By Martin Kelly
The Scottish economy received a massive boost today with the latest figures revealing growth of 0.5%, bucking the UK trend.
The growth for the last three months of 2012 was in contrast to a 0.3% contraction experienced by the rest of the UK over the same period.
The figures mean that Scotland escapes the risk of a triple dip recession when figures for the first three months of 2013 are released. However there remain fears that the UK may show contraction for the first quarter of this year which would see the UK enter its third recession in four years.
Economists believe it is too close to close call whether first quarter data, due to be published next week, will show another UK contraction which will technically mean the beginning of a triple-dip.
Welcoming the news of Scottish growth, Scottish Chambers of Commerce Chief executive Liz Cameron said: “The news that Scotland’s economy grew strongly for the second consecutive quarter is extremely welcome and is in contrast to the more gloomy figures for the UK as a whole.
“Nevertheless we still anticipate fairly weak overall growth trends during this year, meaning that there is no room for complacency when it comes to government action to help ensure a competitive economic environment in Scotland.”
There was further good news for the Scottish economy with the publication of a new set of employment figures that showed unemployment in Scotland fell by 11,000 between December and February. This contrasted with the rest of the UK were unemployment rose by 70,000.
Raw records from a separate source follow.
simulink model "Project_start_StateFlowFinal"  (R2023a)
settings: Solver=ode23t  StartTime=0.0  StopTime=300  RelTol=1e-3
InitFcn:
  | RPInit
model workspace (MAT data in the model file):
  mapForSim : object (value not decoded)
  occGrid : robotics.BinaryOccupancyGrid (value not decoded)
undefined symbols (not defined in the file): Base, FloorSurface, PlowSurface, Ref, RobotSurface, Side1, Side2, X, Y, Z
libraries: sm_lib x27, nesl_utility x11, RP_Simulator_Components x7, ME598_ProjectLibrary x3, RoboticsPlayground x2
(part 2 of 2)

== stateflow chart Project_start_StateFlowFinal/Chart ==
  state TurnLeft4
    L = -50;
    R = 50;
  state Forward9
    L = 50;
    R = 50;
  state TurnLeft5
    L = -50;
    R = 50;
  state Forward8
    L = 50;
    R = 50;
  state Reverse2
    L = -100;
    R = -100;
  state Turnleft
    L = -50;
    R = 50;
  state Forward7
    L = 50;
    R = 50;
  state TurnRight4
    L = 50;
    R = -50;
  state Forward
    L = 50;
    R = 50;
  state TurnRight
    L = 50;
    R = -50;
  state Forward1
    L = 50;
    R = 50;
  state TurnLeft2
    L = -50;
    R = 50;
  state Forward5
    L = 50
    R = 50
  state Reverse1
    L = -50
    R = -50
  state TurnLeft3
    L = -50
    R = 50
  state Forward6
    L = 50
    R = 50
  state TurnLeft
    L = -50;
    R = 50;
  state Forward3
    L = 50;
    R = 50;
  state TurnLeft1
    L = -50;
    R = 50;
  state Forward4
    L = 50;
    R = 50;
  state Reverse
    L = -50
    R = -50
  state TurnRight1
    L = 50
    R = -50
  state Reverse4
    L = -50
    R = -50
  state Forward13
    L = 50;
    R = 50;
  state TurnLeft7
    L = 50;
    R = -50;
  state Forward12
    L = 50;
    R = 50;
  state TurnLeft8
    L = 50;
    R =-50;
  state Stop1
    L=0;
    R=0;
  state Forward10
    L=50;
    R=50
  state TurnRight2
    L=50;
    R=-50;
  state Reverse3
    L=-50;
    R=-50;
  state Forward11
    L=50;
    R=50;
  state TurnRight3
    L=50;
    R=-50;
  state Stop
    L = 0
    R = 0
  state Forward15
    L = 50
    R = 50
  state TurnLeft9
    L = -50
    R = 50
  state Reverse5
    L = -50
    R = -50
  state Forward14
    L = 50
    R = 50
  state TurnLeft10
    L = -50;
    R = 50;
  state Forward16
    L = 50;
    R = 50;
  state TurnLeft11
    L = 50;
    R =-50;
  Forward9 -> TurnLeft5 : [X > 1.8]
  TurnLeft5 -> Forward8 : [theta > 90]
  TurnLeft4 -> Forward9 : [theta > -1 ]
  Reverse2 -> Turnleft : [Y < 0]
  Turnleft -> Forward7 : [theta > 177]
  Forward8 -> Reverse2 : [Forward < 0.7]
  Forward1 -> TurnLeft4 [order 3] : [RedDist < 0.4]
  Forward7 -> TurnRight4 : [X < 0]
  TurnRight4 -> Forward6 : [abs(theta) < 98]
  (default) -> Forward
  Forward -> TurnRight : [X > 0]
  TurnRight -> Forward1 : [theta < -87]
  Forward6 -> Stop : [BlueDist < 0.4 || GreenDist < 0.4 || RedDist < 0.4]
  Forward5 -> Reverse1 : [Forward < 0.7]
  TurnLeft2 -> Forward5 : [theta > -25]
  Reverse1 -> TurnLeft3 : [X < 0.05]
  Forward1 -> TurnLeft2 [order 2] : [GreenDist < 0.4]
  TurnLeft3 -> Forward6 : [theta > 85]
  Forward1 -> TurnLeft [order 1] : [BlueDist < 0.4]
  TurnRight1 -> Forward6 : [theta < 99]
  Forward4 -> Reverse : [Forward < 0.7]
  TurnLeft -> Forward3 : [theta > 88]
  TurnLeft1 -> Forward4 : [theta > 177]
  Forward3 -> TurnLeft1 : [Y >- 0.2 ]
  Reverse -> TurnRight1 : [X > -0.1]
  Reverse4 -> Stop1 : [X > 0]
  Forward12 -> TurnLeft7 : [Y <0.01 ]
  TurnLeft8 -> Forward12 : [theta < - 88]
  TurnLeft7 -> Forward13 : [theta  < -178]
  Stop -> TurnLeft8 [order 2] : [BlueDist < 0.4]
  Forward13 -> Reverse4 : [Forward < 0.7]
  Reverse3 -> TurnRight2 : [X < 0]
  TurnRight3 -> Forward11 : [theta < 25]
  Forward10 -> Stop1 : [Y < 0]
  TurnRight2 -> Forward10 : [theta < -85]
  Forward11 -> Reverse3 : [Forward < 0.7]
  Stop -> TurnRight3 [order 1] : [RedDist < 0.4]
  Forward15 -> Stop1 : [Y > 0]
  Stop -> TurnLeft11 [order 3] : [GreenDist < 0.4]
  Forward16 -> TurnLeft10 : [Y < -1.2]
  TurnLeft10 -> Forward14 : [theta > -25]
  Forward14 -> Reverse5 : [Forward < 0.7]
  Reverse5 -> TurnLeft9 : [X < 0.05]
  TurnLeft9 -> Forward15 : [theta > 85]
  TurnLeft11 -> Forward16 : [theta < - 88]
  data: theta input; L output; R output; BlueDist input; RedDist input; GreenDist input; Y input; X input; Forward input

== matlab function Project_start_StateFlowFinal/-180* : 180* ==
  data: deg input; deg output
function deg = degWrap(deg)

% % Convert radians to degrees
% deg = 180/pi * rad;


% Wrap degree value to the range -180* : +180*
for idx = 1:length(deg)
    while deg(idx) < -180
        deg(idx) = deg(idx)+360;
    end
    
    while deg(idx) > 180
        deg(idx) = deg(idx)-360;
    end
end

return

The number of people unemployed in Scotland stands at 197,000 which is the lowest for almost four years. In the UK, the number of people out of work stands at 2.56 million. The Scottish unemployment rate now sits at 7.3% compared to a UK rate of 7.9%.
Figures published by the Office for National Statistics show that Scottish employment rose by 39,000 in the three month period to December to February, the largest increase since May-July 2000.
The Scottish youth labour market continued its strong performance of recent months with the youth unemployment rate now down 6.8 percentage points over the year to December to February. The Scottish youth unemployment rate of 16.1 per cent is lower than the UK rate of 20.6 per cent and the Scottish youth employment rate of 56.7 per cent is higher than the UK rate of 49.7 per cent.
The news coincided with an announcement by Scottish Power of plans to create 2500 jobs over the next decade. The company plans to take on hundreds of engineers in order to make improvements to its grid network.
Visiting Scottish Power’s Hamilton offices to announce the major jobs boost Finance Secretary John Swinney said:
“It is very welcome to see these positive trends in employment and in economic growth for Scotland.
“Today’s figures show the highest increase in employment in a single quarter for twelve years with an increase of 39,000 jobs and unemployment is now below the 200,000 mark for the first time in over three years.
“These figures also show Scotland’s economy growing faster than the UK’s at the end of 2012 with a second consecutive quarter of growth.”
Mr Swinney said the Scottish government was adopting a specifically Scottish approach to increase competitiveness and build a sustainable economy.
The Finance Secretary added: “Today Scottish Power has announced its intention to create thousands of jobs in the West of Scotland and this is testament to our skills base and is welcome news for the area.
“We can build on these figures for the future but we can’t allow the UK Government’s economic policies to derail the positive developments we are seeing in Scotland.”
Scottish Labour finance spokesman Ken Macintosh said the Scottish government should be doing “so much more”.
He added: “Scottish women and young people are disproportionately affected by this recession, and the growth in the numbers of long-term unemployed will leave a scar for years to come.
“This is the same group who are being hit hardest by underemployment, so they desperately need access to training and part-time college places to keep their skills updated and help them into work.”
Yesterday saw the IMF slash its growth forecasts for the UK. The IMF said that the UK’s economy will grow by a mere 0.7% this year and by 1.5% in 2014 – a 0.3 percentage point cut for each year.
There was further good news for the Scottish economy when new figures showed that retail sales experienced their best performance for two years.